Oprah to Boomers: Drop Dead

Stop the presses! Did Oprah really say she would pursue a younger demographic because after forty, women have things figured out? Nothing more to teach us older broads?

Apparently it’s true. To shore up her biz, Ms. Winfrey said she would like to attract women

in their 30s or perhaps their 20s, to be able to reach people when they are looking to fulfill their destiny.” She added, “By the time you’re 40, 42, you should have kind of figured it out already.

Yah, us over 40s have that destiny thing all out of the way. No sense talking to us anymore.

Okay, it makes sense that she’d want to augment her customer base by adding younger people, but I get the impression she wants to distance herself from the demographic whose undying loyalty made her a billionaire, and that rankles.

Even though I fell out of love with All Things Oprah a couple of years back, I’ve always thought she was one smart cookie, but that comment about having things figured out is ridiculous and self-serving. I mean, look at all the heavy shit we still have to face! Deaths of loved ones, illness and surgeries, loss of jobs, financial challenges, helping our aging parents and/or the younger generations while still trying to carve out some happiness for ourselves, following our dreams even late in life

Does Oprah really think we have it all figured out?
What a failure of imagination.

I understand commerce. Business is business, and she must do what is necessary to keep her financials healthy. So why would she ignore women in the second half of life? It’s a common mistake – I guess some folks just can’t accept that we older women have discretionary income and we’re not afraid to use it. You’d think that would weigh into her biz calcs.

A minor oversight!

Sometimes when you become too rich and powerful, your minions only tell you what you want to hear. Maybe that’s what’s happened to Ms. Winfrey. However, she might want to sneak off to a broom closet with her personal laptop and check out She-Conomy by Stephanie Holland to get all kinds of late-breaking info about who has the bucks in this country. Or maybe catch some of the great wisdom about marketing to women by Marti Barletta. Maybe even invite Stephanie and Marti to present. Hell, Oprah could do a gigantic segment on women entrepreneurs in the second half, from starting-out-on-a-shoestring to Fortune 500 CEOs (all 20 of them).

Oprah seems to be assuming women our age (ahem – her age) aren’t still on a path to conquer old demons and new worlds. But maybe I’m reading her wrong, and what she really meant to say was this:

By the time you’re 40, 42, let alone 60, 70, 80, and up, you’re so completely awesome that I can’t think of anything else I can tell you.

Or this:

I’m only 58. I need to restart my own growth curve and I haven’t quite figured out how to do that. Any ideas?
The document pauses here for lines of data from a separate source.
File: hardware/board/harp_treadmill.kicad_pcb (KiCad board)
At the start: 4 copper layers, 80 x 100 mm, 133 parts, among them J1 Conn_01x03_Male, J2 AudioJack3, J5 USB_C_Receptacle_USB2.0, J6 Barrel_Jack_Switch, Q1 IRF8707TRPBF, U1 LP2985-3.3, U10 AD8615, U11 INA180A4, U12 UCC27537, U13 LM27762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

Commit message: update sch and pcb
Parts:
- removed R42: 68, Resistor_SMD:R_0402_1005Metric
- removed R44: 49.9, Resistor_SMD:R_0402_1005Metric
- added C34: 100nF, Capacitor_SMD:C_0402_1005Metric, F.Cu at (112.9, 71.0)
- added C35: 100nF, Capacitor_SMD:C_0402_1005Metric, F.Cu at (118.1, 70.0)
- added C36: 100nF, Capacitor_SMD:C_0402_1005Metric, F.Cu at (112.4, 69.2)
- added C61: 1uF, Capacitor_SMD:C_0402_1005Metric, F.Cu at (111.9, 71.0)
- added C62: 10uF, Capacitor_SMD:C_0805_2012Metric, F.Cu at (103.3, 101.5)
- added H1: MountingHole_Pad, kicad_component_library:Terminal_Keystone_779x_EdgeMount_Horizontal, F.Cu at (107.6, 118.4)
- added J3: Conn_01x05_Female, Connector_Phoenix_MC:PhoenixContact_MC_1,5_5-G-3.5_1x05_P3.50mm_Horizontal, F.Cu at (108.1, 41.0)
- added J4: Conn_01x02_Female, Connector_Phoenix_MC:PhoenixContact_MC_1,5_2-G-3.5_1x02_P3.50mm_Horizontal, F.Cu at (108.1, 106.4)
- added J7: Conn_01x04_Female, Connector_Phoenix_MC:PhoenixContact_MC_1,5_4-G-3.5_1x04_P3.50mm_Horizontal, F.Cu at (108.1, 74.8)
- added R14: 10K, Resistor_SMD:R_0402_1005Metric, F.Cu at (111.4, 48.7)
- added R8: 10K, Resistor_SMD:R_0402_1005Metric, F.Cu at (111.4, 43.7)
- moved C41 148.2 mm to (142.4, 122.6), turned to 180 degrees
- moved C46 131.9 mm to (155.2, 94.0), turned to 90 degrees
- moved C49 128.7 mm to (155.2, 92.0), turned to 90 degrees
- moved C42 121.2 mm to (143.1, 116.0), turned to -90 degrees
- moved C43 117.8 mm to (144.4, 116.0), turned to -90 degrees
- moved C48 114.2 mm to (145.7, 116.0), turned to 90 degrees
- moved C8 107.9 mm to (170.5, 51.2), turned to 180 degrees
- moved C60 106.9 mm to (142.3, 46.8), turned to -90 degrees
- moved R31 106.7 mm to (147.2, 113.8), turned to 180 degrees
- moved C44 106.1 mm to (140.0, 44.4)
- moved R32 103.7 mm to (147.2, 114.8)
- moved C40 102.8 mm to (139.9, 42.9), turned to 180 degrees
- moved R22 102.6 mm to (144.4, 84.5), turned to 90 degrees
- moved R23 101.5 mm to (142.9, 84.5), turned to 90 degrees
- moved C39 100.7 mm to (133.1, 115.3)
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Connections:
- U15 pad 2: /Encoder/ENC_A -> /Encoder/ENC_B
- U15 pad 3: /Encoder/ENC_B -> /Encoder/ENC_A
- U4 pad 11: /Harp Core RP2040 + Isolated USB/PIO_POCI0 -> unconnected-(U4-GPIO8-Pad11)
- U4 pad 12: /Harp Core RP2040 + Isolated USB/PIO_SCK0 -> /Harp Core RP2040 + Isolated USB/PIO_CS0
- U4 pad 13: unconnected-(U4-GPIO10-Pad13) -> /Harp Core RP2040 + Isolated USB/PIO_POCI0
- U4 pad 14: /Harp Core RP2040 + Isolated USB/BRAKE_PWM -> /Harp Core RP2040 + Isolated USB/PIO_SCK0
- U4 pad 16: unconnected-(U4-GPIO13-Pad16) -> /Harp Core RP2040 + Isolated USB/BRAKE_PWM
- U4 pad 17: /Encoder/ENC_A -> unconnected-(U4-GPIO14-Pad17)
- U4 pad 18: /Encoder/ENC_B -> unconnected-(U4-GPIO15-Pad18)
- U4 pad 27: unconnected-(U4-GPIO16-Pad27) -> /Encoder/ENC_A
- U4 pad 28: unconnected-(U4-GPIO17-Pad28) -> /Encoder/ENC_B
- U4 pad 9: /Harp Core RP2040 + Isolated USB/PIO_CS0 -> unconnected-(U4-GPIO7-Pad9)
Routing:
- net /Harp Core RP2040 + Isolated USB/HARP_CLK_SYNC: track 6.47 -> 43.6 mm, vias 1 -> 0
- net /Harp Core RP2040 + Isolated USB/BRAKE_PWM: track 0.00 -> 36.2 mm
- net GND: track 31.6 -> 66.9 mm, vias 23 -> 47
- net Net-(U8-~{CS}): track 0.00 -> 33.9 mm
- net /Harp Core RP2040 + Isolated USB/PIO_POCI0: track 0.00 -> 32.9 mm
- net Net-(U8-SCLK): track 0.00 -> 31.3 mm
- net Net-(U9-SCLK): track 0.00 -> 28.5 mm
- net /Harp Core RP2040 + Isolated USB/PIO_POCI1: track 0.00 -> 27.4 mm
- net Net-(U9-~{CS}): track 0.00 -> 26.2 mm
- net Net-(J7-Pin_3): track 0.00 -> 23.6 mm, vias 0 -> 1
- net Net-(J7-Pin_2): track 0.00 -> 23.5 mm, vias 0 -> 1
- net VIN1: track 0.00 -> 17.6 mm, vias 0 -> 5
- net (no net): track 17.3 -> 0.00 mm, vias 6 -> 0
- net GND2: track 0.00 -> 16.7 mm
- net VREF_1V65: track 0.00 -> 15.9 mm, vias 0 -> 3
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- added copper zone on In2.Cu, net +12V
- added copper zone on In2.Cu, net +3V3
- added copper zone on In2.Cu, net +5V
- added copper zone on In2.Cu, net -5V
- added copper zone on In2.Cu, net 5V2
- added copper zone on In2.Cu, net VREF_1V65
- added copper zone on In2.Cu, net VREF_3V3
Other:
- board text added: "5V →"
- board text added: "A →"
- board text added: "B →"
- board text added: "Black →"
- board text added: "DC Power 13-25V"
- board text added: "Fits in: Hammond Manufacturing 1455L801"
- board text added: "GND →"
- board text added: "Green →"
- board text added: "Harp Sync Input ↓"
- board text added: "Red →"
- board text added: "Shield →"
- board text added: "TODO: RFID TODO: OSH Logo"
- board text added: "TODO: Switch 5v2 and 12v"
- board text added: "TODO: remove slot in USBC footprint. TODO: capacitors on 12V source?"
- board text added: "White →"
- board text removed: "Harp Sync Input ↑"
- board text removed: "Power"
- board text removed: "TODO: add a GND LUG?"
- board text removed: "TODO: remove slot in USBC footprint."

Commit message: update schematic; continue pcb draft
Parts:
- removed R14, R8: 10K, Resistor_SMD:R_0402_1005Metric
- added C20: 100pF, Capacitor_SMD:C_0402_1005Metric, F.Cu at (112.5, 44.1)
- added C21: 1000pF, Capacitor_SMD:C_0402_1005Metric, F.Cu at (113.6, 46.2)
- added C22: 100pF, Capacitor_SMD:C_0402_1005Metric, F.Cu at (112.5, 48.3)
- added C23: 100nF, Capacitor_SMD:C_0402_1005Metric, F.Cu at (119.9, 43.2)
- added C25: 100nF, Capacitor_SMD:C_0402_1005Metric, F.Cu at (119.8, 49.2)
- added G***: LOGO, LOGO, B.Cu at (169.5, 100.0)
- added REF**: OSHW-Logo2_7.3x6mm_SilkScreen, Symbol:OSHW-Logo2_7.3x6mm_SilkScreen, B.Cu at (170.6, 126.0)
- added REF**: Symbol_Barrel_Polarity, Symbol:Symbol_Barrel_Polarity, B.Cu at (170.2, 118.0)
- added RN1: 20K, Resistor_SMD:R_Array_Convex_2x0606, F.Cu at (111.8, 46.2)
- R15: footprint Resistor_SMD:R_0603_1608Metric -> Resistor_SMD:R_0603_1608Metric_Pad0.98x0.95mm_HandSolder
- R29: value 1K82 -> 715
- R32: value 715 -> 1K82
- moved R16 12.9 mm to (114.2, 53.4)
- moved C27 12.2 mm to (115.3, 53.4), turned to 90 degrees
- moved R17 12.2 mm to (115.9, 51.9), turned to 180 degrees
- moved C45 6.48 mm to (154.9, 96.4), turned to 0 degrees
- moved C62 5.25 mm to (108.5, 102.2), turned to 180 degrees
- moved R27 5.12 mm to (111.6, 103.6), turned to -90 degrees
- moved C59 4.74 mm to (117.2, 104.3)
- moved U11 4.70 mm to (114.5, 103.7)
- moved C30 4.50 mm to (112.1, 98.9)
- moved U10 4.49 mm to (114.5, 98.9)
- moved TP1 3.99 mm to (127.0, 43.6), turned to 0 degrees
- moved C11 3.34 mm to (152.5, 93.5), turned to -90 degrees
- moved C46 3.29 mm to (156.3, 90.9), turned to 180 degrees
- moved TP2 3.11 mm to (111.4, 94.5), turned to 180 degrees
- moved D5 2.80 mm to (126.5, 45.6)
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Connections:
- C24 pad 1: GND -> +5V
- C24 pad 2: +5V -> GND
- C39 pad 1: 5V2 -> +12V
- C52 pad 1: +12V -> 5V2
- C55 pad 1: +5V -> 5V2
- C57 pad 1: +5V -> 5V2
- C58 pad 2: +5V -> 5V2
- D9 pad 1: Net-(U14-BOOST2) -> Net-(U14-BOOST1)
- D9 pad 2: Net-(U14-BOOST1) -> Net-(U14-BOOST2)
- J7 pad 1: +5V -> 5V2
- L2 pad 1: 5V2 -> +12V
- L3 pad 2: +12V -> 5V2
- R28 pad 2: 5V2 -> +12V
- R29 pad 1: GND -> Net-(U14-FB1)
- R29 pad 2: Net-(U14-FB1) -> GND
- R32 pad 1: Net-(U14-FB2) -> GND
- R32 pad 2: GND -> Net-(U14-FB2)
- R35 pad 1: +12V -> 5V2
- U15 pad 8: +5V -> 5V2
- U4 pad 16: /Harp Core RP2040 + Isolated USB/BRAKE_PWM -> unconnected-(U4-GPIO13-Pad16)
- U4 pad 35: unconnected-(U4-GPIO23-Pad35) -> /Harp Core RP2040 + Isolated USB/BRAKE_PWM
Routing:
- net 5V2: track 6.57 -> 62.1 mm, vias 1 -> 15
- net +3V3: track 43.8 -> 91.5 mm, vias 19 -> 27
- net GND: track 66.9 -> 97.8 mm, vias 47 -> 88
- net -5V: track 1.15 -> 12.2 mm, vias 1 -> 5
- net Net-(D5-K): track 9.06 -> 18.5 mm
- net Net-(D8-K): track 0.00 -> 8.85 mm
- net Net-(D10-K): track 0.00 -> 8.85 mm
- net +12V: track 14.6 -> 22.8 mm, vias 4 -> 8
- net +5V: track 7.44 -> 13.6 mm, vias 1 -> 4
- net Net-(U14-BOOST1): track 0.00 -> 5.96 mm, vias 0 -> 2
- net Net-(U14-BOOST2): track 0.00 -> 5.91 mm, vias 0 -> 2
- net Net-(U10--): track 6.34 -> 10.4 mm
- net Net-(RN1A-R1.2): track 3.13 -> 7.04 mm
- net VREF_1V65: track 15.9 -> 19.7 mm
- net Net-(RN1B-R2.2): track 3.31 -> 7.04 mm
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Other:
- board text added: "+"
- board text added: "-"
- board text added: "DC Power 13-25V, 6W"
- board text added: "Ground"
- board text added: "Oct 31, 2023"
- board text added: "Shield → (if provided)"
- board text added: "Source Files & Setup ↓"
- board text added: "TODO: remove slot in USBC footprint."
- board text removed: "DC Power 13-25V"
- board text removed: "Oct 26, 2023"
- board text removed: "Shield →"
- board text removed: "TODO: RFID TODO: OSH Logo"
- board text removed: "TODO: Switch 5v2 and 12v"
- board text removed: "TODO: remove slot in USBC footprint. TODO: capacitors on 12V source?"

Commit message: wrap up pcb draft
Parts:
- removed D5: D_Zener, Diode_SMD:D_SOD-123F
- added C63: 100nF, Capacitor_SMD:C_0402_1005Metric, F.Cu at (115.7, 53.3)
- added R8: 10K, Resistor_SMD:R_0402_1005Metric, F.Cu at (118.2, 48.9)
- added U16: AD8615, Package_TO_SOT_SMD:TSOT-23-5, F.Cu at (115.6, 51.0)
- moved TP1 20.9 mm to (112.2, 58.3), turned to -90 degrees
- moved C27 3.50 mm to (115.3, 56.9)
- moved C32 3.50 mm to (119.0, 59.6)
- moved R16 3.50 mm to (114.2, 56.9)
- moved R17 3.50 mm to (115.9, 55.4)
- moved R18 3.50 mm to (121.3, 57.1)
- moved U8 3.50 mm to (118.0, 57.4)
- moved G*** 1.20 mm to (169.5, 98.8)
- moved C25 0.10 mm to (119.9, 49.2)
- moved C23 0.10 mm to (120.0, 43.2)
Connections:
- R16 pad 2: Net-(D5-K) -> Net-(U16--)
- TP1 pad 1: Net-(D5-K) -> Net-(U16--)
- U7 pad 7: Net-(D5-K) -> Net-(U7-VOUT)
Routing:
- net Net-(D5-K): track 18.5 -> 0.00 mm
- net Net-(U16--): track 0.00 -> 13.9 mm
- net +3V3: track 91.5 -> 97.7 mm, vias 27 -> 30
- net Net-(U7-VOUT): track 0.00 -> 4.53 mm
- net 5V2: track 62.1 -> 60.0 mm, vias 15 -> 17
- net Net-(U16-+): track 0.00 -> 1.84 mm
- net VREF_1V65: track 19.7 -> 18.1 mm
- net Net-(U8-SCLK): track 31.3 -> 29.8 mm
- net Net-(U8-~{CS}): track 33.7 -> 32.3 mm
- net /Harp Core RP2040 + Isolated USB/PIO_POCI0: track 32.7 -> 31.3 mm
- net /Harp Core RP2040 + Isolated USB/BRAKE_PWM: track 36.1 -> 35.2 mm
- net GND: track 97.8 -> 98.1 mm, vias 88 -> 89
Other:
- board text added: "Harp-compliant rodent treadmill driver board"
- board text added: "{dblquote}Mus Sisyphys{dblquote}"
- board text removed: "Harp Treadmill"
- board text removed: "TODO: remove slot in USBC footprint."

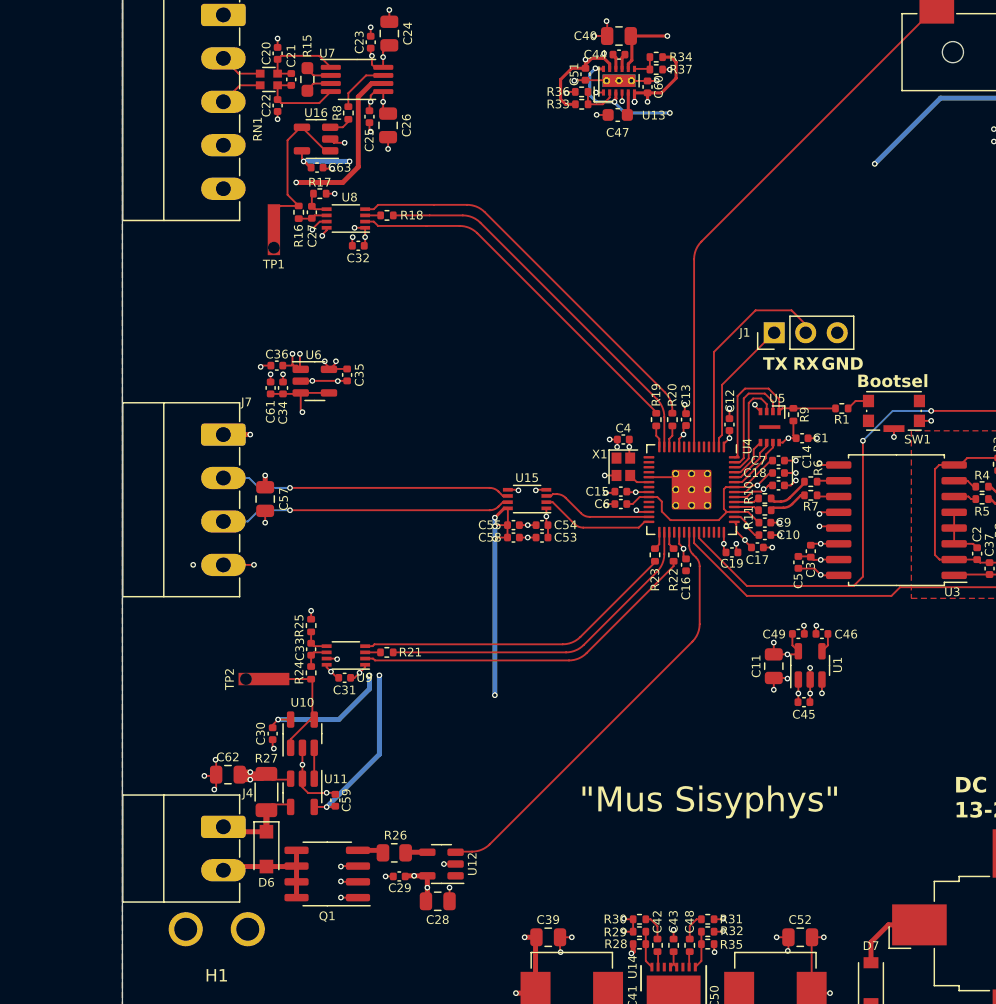
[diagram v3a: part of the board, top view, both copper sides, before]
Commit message: draft layout with analog brake driver circuit
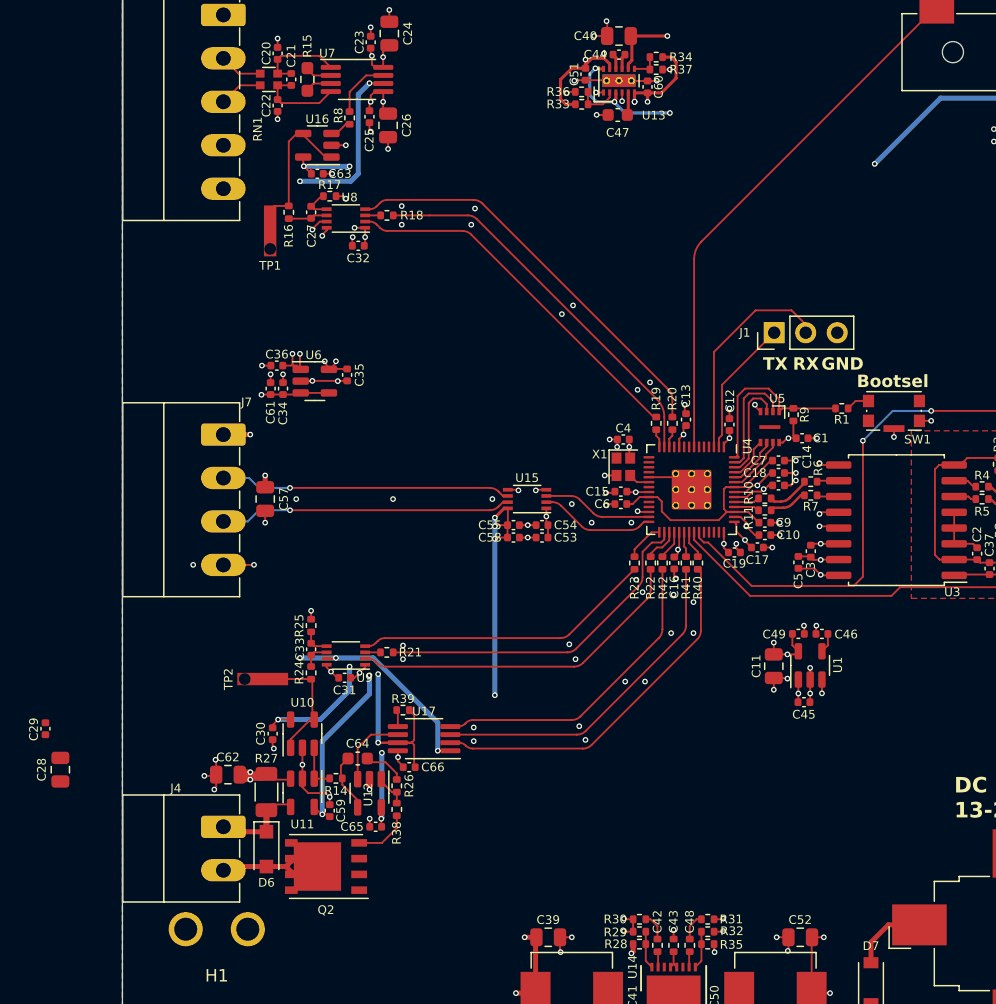
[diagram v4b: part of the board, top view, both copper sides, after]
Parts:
- removed Q1: IRF8707TRPBF, Package_SO:SOIC-8_3.9x4.9mm_P1.27mm
- added C64: 10nF, Capacitor_SMD:C_0603_1608Metric, F.Cu at (119.0, 100.9)
- added C65: 100nF, Capacitor_SMD:C_0402_1005Metric, F.Cu at (120.4, 106.4)
- added C66: 100nF, Capacitor_SMD:C_0402_1005Metric, F.Cu at (123.1, 101.6)
- added Q2: Si7336ADP, Package_SO:PowerPAK_SO-8_Single, F.Cu at (116.4, 109.6)
- added R14: 7K5, Resistor_SMD:R_0402_1005Metric, F.Cu at (117.2, 102.5)
- added R38: 10, Resistor_SMD:R_0402_1005Metric, F.Cu at (122.1, 105.0)
- added R39: 10K, Resistor_SMD:R_0402_1005Metric, F.Cu at (122.6, 97.0)
- added R40: 49.9, Resistor_SMD:R_0402_1005Metric, F.Cu at (146.3, 85.2)
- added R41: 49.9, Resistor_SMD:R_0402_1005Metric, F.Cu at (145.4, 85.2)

Yes, Oprah. Start hanging out around Any Shiny Thing, where we could illuminate a small planet with all the wisdom, friendship and warmth we generate! Ladies and gents of AST, what would you advise Miss Oprah to do, personally or regarding her business? Any ideas? And keep it friendly.

Thanks to my friend Sarah Stockton for alerting me to this intriguing article in the first place. It appeared in the NY Times on November 29.

Oprah Struggles to Reinvent Herself

O Magazine was started twelve years ago. How many articles do you think Oprah Winfrey has published about reinvention? Yet it seems even for the Big O, it’s not that easy. (Boomers everywhere hide a half-smile of schadenfreude.)

Used to be the only time we had to invent ourselves was in our late teens, early twenties.

“What are you going to do with your life?” was the big question. Now we have to recreate ourselves every decade or so due to job insecurity. Capitalism depends on creative destruction, and the United States is the envy of the world in the way our CEOs can toss workers into the garbage whenever the balance sheet needs more black ink.

Most of us are vulnerable. We’re the little guy, Joe Employee. We don’t have much power, unless you’re one of the few remaining union members and even they are pretty much toast. Witness the tens of thousands of highly trained and educated teachers who stay home every day, losing their edge as opposed to educating the next generation. But I digress.

Little Guy, take heart. You’re not alone. It seems Oprah is flailing about in her new life-phase. (Warning: mute this article because otherwise you’ll be force-fed an annoying commercial.)

Apparently Oprah’s reinvention has hit a rough patch. Her new cable channel is sucking wind. I feel her pain because I’ve been there, stepping off the cliff from where you are golden into a place where you are tin. You feel as if you’re twenty years old again, but not in a good way. In your new incarnation, you have little power or authority, and must slave away to rebuild it. But this time you’re forty or fifty or sixty or more.

In my late forties, I left a profession in which I’d established a twenty-seven year history and threw myself into freelancing. After ten years of trying and failing, changing my mind, feeling lost and/or depressed, wasting time, wasting money and learning things I’ll never need, I’ve finally figured out my new career. Apparently I’m a teacher and a writer. I’m so happy, it’s obviously the right choice.

From my new vantage point, I’d give younger people this advice: think of yourself as a small business. You may have to reshape it or carry it to an unexpected place, but this will be less jarring if you plan for it. What would you do if you were suddenly tossed from your current job?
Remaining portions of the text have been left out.